Considering now the impact of raw, + Δ/F0, and + CMNV pipelines for the different algorithms, it is demonstrated that adding pitch, deltas, and CMVN to raw features are beneficial for both MFCC, PLP, and Rasta-PLP in all configurations, except for the bottleneck algorithm. Spectrogram and filterbank algorithms benefit from pitch and deltas as well, but the addition of CMVN degrades the ABX score, with the exception of the Xitsonga across speakers configuration. This is expected as CMVN is tailored towards the cepstral domain, but spectrogram and filterbank are in the spectral domain. Rasta filtering on PLP gives different results across languages: it degrades the score in English but improves them on Xitsonga. RASTA filtering is used to reduce distortions from the communication channel (Hermansky & Morgan, 1994), so this difference can be explained by the recording conditions of the two corpora.
The use of VTLN for speaker normalization improves both MFCC and PLP scores by about 4% on the across speakers context, whereas filterbank gains about 1%. No or slight improvement is attested within speakers for all the algorithms. Those results are expected because ABX scores are computed on a single speaker, but VTLN normalizes features across speakers.

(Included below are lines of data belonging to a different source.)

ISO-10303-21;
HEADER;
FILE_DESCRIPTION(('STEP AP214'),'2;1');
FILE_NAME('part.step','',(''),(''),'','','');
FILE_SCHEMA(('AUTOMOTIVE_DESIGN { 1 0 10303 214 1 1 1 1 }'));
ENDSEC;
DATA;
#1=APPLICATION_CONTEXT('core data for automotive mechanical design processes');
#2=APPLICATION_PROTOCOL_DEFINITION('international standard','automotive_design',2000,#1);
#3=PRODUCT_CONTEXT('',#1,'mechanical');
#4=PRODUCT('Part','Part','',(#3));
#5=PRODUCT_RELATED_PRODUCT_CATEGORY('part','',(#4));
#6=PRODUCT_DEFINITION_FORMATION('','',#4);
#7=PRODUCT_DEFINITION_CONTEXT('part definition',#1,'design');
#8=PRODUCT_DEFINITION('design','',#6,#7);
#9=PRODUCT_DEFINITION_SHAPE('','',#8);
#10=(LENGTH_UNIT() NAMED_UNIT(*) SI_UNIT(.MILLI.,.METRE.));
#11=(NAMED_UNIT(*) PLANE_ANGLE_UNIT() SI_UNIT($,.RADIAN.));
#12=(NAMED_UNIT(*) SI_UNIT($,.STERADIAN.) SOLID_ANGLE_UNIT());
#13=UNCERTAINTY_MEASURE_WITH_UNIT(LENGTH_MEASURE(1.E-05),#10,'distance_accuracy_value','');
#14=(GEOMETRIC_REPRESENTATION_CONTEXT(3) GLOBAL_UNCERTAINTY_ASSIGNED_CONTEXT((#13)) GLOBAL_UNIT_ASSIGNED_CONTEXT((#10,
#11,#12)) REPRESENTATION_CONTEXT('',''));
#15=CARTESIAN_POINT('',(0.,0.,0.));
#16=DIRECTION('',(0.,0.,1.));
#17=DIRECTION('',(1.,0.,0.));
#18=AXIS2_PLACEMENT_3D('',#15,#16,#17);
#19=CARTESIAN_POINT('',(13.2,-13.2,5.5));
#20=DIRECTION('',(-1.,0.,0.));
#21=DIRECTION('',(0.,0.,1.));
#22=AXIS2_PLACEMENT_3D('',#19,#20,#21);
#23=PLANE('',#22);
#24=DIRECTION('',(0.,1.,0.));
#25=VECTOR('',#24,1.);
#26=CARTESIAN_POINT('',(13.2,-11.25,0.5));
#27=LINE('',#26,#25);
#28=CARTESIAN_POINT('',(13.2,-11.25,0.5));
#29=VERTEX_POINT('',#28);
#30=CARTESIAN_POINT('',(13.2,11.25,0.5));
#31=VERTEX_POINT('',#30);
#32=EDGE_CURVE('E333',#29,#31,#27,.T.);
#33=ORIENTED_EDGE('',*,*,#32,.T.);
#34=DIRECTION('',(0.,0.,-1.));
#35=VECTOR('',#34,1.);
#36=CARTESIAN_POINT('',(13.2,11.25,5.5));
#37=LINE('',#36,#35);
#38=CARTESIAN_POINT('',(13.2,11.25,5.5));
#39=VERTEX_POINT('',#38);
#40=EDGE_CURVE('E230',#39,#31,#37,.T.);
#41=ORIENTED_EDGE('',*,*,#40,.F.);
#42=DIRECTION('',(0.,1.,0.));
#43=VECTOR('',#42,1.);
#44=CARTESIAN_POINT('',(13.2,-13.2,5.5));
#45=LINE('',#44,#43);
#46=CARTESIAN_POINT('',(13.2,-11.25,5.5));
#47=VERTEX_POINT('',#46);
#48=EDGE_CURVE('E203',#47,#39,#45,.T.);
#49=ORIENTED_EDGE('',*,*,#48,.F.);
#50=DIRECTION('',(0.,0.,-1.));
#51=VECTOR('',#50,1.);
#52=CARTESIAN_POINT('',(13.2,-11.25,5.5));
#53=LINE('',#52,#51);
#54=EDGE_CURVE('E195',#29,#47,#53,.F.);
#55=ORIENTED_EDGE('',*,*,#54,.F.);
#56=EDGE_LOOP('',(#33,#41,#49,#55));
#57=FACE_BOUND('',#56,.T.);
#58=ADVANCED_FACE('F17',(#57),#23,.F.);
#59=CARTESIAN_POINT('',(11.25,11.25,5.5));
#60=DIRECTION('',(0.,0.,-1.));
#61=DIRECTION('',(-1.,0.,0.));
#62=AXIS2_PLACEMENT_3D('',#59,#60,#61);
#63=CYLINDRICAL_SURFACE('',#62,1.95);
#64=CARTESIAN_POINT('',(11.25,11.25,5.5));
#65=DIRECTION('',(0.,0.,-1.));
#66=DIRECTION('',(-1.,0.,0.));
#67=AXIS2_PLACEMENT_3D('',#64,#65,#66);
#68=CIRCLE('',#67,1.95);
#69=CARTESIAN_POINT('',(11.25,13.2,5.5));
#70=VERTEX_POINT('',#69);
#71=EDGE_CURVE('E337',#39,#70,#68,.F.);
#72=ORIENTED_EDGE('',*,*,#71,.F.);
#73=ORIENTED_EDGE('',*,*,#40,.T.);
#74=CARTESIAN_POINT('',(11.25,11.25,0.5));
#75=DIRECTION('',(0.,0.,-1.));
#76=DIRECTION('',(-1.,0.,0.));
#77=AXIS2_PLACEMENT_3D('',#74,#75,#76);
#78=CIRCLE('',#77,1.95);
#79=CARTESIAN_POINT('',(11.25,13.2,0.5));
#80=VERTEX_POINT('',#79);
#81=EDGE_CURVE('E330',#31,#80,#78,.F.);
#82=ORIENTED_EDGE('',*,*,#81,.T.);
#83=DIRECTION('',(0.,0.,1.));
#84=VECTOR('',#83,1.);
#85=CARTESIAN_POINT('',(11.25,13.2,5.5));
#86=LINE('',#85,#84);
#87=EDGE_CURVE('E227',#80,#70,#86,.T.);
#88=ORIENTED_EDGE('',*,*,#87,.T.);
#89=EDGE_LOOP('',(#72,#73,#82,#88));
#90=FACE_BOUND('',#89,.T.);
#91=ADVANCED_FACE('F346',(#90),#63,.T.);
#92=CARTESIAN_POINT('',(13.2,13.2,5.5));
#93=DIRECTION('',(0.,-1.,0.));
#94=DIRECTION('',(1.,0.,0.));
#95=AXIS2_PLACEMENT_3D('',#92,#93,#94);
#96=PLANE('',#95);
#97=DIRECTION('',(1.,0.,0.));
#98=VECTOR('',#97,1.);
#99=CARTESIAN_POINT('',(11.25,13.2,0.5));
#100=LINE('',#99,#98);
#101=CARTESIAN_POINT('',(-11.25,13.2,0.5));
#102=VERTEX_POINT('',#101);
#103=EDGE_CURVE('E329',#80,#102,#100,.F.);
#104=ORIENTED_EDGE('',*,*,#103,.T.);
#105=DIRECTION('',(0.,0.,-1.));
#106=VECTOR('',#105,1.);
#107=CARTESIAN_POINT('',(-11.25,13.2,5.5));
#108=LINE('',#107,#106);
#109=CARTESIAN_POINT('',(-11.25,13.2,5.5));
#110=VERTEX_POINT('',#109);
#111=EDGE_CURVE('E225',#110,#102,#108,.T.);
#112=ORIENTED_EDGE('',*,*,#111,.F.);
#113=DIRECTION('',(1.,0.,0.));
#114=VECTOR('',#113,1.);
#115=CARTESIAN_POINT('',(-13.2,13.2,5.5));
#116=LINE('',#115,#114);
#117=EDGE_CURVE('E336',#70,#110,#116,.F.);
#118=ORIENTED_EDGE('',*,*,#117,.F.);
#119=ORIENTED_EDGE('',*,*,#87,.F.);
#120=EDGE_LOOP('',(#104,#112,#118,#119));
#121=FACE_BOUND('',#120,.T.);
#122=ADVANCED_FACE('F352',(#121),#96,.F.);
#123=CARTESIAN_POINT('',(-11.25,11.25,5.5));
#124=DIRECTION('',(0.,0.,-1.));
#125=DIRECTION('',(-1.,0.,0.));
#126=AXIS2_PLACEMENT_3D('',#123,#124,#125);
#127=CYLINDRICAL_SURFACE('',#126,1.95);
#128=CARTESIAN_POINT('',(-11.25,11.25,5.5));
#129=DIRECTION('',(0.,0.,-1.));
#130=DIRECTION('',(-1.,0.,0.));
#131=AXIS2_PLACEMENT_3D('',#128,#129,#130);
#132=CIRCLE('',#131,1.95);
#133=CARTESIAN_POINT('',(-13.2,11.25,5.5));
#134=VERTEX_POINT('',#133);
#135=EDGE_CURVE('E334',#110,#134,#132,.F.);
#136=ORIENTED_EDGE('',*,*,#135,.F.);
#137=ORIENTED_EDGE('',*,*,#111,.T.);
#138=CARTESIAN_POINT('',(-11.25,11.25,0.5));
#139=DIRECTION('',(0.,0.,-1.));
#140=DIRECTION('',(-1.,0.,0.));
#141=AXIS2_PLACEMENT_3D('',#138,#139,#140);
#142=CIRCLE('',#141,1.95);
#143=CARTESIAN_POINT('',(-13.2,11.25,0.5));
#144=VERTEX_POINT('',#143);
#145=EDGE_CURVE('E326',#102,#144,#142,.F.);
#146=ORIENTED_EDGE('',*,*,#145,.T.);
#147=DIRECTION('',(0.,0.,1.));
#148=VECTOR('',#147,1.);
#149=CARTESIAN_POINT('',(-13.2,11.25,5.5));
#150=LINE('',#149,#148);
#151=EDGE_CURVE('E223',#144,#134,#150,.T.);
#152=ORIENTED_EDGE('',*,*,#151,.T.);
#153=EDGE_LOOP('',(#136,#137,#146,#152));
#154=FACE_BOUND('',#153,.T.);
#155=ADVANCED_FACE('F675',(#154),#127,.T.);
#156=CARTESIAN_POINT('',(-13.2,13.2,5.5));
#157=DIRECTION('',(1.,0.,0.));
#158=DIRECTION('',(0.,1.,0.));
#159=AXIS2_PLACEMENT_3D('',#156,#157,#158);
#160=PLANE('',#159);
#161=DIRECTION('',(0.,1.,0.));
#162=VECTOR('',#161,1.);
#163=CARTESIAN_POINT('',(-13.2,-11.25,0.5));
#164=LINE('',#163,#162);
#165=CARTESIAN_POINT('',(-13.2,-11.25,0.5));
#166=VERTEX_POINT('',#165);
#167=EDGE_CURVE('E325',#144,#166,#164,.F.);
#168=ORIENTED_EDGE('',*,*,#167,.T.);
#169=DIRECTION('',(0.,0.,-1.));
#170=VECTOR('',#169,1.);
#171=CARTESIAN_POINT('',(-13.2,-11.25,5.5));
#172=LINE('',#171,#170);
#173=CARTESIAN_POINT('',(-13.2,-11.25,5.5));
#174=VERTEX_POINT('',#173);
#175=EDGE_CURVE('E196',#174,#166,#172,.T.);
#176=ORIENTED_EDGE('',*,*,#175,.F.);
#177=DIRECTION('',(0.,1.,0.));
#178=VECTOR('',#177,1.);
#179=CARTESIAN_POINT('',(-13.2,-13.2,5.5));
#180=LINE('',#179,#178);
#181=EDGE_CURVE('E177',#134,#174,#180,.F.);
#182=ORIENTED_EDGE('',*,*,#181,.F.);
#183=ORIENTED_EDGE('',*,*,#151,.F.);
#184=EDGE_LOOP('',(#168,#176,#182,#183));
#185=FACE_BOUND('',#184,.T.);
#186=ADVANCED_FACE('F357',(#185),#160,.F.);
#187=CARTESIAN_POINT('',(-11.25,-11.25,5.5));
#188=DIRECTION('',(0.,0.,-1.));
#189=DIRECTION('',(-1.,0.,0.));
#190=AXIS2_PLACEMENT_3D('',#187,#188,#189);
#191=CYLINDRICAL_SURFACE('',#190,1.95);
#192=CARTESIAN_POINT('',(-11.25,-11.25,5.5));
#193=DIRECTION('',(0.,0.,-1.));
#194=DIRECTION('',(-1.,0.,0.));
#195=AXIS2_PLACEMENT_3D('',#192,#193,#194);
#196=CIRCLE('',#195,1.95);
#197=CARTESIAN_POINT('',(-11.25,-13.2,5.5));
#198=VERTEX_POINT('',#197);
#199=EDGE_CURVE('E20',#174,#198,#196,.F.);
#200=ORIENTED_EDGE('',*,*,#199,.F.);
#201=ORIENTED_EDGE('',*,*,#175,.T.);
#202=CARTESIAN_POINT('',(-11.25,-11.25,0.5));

Finally, our results are in line with those from the subword modeling task of the Zero Speech 2015 challenge.Footnote 4 Indeed, the challenge baseline used raw MFCCs from Kaldi and obtained an error rate 1.4% higher than ours (mean over the two languages and within/across conditions). Since the data and the features extraction algorithm are the same, this small difference is explained by improvements and fixes in the ABX evaluation code since the release of the challenge in 2015.
VTLN model training
Vocal Tract Length Normalization (VTLN) is used to reduce the variability of individual voices in the features space. “Phone discrimination task” section has shown that VTLN significantly improves the phone discriminability score in the across-speakers context. Nevertheless, we trained the VTLN model on 10 minutes of speech per speaker without further justification. This section thus explores the influence of the amount of speech duration used for VTLN training on the resulting VTLN coefficients and phone discriminability scores. To the best of our knowledge, there is no such experiment available in the literature. The same dataset and evaluation pipeline that in “Phone discrimination task” section are used here.
Methods
The same segment of the Buckeye English corpus as in “Phone discrimination task” section is used. It is composed of 10h34m44s of speech balanced across 12 speakers. In order to train several VTLN models on variable speech duration, this corpus is split into sub-corpora containing a given speech duration per speaker. The considered durations are 5s, 10s, 20s, 30s, 60s, and up to 600s by steps of 60s. The subcorpora are built without overlap: the first blocks of fixed duration for each speaker are joined together, then for the second blocks, etc. This gives a total of 1010 corpora, from 479 for 5s per speaker to 2 for 600s per speaker, following a power law. For each of those corpora, a VTLN model is trained using the default parameters, and VTLN coefficients are extracted.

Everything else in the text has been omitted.